■ Information provided
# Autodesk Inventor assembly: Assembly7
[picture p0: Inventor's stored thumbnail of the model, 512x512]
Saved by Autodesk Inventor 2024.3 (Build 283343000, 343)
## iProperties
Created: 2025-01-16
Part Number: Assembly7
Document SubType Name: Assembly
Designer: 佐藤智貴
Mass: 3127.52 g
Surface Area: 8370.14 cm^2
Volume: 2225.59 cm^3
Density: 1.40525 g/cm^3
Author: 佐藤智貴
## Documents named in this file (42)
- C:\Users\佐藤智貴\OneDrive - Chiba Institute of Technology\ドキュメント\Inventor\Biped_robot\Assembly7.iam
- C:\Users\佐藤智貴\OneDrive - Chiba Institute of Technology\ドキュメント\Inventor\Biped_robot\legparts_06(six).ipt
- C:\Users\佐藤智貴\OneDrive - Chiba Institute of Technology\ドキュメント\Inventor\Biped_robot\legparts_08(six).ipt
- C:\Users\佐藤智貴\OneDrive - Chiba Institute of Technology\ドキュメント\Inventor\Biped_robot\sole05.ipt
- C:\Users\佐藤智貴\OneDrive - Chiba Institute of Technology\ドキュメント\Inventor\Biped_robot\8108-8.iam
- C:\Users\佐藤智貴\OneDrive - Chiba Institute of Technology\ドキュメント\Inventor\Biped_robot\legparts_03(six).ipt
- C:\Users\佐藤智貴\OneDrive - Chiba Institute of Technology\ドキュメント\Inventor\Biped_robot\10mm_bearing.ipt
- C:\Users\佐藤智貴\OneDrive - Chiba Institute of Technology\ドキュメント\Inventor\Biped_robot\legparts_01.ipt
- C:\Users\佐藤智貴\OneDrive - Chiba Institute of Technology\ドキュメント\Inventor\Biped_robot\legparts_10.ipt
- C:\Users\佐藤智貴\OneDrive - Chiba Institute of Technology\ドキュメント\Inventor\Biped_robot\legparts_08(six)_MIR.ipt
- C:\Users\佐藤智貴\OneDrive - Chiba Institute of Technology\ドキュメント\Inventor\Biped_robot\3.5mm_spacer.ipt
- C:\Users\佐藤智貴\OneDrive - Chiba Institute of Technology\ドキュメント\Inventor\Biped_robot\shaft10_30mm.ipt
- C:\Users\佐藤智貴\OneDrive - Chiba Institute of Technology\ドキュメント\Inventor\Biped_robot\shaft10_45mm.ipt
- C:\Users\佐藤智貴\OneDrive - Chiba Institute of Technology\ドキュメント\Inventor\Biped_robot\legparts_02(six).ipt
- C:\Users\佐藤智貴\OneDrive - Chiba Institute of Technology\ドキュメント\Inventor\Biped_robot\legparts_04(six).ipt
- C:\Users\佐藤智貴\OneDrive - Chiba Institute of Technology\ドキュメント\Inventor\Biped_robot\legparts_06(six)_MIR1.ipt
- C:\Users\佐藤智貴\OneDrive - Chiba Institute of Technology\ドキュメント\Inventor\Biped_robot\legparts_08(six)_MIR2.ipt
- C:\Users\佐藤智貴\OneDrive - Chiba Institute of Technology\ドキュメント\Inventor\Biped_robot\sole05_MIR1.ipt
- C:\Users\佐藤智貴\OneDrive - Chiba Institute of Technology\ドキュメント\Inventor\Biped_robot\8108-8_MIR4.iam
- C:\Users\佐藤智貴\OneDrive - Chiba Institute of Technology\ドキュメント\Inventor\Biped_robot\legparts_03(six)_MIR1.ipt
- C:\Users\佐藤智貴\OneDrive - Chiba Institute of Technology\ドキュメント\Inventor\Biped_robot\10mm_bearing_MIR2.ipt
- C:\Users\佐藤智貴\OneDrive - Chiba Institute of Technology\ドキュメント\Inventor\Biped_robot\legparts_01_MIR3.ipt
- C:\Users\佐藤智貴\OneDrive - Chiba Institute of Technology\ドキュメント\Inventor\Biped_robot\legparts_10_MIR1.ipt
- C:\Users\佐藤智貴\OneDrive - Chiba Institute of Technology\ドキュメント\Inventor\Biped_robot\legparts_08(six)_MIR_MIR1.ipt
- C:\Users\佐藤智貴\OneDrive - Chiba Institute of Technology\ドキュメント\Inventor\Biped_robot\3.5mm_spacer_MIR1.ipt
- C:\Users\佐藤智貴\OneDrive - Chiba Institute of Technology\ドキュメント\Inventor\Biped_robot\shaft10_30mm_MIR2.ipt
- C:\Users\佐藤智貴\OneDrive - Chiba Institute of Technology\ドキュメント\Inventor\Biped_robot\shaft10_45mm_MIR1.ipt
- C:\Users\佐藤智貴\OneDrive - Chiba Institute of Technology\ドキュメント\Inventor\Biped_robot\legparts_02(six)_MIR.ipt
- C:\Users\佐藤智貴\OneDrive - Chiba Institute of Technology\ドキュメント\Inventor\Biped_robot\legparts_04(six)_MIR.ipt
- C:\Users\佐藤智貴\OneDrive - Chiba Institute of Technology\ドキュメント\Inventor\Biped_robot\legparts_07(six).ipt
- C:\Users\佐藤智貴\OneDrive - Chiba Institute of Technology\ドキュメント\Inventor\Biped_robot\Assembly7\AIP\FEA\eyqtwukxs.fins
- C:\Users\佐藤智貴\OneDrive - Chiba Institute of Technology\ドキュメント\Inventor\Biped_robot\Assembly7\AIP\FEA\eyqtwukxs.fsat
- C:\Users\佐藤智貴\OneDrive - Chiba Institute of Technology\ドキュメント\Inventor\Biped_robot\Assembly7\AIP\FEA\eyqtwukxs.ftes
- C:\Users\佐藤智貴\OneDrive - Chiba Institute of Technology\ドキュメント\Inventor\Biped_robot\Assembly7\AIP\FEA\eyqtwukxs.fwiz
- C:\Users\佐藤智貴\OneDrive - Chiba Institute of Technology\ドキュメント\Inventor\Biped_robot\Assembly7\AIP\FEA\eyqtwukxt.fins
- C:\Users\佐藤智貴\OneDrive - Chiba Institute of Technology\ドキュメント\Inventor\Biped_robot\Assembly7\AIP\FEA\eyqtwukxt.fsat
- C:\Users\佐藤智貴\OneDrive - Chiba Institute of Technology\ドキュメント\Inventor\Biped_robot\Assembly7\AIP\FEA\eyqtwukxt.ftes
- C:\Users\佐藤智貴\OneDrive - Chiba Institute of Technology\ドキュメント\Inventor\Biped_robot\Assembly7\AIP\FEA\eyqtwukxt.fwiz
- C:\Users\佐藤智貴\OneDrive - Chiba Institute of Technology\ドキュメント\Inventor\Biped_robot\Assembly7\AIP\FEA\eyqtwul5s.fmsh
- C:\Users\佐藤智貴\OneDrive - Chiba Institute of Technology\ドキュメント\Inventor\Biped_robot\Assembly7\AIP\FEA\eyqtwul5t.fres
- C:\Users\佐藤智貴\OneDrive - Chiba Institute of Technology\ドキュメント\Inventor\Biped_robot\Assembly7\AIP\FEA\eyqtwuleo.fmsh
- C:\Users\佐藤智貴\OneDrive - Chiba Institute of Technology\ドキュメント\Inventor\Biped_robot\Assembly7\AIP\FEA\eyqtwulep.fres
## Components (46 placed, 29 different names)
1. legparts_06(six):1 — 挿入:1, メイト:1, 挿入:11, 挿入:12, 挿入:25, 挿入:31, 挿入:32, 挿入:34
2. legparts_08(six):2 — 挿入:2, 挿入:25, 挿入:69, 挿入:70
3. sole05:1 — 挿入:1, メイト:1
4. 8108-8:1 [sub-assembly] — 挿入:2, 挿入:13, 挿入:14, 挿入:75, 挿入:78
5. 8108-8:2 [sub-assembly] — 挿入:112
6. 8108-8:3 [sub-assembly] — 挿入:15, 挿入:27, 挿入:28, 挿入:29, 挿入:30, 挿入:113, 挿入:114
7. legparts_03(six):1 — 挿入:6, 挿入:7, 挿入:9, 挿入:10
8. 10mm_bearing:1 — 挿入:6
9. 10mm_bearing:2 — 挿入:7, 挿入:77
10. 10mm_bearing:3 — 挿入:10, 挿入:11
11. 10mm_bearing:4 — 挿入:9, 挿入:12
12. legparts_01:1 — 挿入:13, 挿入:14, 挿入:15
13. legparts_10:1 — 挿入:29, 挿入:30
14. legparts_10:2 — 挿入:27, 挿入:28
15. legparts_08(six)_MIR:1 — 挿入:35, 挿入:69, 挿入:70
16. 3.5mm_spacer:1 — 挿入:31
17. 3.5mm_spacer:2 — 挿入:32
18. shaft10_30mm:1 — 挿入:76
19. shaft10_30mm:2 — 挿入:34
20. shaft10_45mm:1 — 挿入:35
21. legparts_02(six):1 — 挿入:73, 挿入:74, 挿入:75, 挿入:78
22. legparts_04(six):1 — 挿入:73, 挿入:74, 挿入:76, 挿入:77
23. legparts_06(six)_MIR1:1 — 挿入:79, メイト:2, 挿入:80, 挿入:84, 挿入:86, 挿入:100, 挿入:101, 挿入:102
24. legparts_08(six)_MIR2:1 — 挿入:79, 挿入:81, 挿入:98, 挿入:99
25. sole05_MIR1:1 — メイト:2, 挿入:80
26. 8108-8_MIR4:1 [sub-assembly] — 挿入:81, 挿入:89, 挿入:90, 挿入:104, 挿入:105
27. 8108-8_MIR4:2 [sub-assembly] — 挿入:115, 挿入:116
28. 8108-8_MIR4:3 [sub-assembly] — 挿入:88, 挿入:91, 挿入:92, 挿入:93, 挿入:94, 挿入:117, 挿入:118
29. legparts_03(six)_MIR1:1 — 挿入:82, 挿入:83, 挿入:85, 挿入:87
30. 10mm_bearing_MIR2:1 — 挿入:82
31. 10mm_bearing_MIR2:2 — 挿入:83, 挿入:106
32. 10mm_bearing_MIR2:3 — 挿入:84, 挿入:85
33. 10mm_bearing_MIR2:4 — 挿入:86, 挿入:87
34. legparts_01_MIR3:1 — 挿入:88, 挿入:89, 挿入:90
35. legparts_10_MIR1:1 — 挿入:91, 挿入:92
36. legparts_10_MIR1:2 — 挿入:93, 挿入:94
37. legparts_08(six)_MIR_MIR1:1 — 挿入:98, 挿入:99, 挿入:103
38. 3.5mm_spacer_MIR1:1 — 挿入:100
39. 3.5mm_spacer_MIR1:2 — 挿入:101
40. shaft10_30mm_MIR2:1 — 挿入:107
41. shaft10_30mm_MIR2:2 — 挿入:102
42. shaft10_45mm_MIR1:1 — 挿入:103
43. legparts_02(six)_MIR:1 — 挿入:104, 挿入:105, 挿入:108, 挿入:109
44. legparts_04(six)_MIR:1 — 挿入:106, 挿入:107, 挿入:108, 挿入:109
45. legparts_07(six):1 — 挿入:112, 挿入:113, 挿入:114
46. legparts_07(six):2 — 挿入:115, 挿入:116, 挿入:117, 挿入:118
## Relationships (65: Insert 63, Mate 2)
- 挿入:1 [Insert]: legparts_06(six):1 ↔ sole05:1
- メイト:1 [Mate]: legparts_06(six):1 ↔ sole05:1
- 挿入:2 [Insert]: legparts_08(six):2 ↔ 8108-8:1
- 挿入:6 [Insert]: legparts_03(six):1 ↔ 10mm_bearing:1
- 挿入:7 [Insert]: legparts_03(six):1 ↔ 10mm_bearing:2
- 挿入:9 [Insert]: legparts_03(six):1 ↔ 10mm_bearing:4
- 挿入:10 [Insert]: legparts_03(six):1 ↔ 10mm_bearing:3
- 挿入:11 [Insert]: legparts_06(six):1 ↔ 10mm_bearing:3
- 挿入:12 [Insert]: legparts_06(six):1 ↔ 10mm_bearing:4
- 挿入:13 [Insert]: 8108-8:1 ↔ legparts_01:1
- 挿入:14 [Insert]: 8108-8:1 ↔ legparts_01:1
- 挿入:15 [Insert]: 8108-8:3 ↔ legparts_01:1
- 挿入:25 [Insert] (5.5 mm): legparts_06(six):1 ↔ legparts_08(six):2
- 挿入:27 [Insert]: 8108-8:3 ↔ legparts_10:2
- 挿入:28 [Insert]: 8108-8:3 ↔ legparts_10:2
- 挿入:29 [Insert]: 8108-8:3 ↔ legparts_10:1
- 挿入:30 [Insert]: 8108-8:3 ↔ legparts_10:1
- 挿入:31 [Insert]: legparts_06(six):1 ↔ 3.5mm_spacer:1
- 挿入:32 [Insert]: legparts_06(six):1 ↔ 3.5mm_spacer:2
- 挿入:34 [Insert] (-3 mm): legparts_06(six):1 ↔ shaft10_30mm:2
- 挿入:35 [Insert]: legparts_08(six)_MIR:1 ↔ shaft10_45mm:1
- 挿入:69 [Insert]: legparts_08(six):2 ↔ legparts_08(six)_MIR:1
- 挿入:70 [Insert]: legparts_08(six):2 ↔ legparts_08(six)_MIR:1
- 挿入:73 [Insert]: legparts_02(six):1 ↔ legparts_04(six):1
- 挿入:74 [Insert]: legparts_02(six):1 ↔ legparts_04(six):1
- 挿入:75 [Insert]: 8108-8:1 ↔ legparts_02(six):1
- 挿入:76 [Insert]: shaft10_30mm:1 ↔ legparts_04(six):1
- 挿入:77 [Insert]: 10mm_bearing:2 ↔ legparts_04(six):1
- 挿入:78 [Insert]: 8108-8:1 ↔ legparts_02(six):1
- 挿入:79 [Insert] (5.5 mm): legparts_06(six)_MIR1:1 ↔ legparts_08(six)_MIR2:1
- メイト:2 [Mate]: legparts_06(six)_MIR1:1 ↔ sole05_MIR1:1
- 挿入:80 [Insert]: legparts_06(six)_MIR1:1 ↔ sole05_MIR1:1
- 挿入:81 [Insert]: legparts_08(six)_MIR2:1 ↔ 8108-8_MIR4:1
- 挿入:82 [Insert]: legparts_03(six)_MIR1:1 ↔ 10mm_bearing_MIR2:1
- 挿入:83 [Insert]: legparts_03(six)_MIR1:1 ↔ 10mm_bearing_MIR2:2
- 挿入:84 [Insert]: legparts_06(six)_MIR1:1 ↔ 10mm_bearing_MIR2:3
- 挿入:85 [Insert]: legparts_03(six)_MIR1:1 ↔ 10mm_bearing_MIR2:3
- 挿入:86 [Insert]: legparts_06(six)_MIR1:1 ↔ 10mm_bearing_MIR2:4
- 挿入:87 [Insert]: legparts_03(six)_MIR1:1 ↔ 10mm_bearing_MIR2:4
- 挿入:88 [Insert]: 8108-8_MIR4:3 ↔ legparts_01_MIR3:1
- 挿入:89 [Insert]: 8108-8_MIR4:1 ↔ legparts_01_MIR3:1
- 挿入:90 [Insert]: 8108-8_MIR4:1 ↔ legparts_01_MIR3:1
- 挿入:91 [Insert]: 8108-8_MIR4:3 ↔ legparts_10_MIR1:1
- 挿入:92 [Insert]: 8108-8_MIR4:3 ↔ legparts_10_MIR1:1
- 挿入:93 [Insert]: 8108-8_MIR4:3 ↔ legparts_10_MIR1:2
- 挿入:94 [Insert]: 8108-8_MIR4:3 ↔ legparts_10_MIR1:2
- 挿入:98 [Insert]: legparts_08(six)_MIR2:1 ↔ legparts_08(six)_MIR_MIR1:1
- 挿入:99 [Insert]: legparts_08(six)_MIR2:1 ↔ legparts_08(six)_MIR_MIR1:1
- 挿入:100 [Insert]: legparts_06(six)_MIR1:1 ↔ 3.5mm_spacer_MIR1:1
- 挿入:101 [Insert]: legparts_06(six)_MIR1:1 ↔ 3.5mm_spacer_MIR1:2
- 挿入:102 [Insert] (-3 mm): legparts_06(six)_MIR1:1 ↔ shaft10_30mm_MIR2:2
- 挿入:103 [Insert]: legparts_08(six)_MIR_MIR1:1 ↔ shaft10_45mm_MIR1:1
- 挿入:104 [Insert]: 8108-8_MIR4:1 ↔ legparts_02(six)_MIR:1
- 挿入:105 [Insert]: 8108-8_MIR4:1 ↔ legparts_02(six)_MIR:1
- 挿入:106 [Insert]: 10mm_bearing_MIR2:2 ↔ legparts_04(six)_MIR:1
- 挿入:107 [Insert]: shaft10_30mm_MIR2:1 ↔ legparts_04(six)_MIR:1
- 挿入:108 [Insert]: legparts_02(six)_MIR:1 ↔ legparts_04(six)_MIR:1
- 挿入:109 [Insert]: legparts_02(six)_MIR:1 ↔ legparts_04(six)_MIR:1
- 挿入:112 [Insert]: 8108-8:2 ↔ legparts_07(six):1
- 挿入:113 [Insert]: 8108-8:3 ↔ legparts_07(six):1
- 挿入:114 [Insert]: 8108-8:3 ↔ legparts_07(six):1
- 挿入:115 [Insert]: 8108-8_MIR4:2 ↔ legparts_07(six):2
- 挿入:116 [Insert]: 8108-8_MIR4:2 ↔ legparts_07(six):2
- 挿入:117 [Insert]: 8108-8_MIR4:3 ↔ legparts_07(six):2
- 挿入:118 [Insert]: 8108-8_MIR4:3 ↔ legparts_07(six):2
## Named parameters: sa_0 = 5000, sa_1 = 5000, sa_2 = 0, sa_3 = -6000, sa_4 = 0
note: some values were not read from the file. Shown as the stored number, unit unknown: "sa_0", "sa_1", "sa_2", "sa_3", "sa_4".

■ To do
Which lines run from the one holding "- 挿入:91 [Insert]: 8108-8_MIR4:3" through the end of the data? Write them out exactly, ends included, and add nothing.

■ Your response
- 挿入:91 [Insert]: 8108-8_MIR4:3 ↔ legparts_10_MIR1:1
- 挿入:92 [Insert]: 8108-8_MIR4:3 ↔ legparts_10_MIR1:1
- 挿入:93 [Insert]: 8108-8_MIR4:3 ↔ legparts_10_MIR1:2
- 挿入:94 [Insert]: 8108-8_MIR4:3 ↔ legparts_10_MIR1:2
- 挿入:98 [Insert]: legparts_08(six)_MIR2:1 ↔ legparts_08(six)_MIR_MIR1:1
- 挿入:99 [Insert]: legparts_08(six)_MIR2:1 ↔ legparts_08(six)_MIR_MIR1:1
- 挿入:100 [Insert]: legparts_06(six)_MIR1:1 ↔ 3.5mm_spacer_MIR1:1
- 挿入:101 [Insert]: legparts_06(six)_MIR1:1 ↔ 3.5mm_spacer_MIR1:2
- 挿入:102 [Insert] (-3 mm): legparts_06(six)_MIR1:1 ↔ shaft10_30mm_MIR2:2
- 挿入:103 [Insert]: legparts_08(six)_MIR_MIR1:1 ↔ shaft10_45mm_MIR1:1
- 挿入:104 [Insert]: 8108-8_MIR4:1 ↔ legparts_02(six)_MIR:1
- 挿入:105 [Insert]: 8108-8_MIR4:1 ↔ legparts_02(six)_MIR:1
- 挿入:106 [Insert]: 10mm_bearing_MIR2:2 ↔ legparts_04(six)_MIR:1
- 挿入:107 [Insert]: shaft10_30mm_MIR2:1 ↔ legparts_04(six)_MIR:1
- 挿入:108 [Insert]: legparts_02(six)_MIR:1 ↔ legparts_04(six)_MIR:1
- 挿入:109 [Insert]: legparts_02(six)_MIR:1 ↔ legparts_04(six)_MIR:1
- 挿入:112 [Insert]: 8108-8:2 ↔ legparts_07(six):1
- 挿入:113 [Insert]: 8108-8:3 ↔ legparts_07(six):1
- 挿入:114 [Insert]: 8108-8:3 ↔ legparts_07(six):1
- 挿入:115 [Insert]: 8108-8_MIR4:2 ↔ legparts_07(six):2
- 挿入:116 [Insert]: 8108-8_MIR4:2 ↔ legparts_07(six):2
- 挿入:117 [Insert]: 8108-8_MIR4:3 ↔ legparts_07(six):2
- 挿入:118 [Insert]: 8108-8_MIR4:3 ↔ legparts_07(six):2
## Named parameters: sa_0 = 5000, sa_1 = 5000, sa_2 = 0, sa_3 = -6000, sa_4 = 0
note: some values were not read from the file. Shown as the stored number, unit unknown: "sa_0", "sa_1", "sa_2", "sa_3", "sa_4".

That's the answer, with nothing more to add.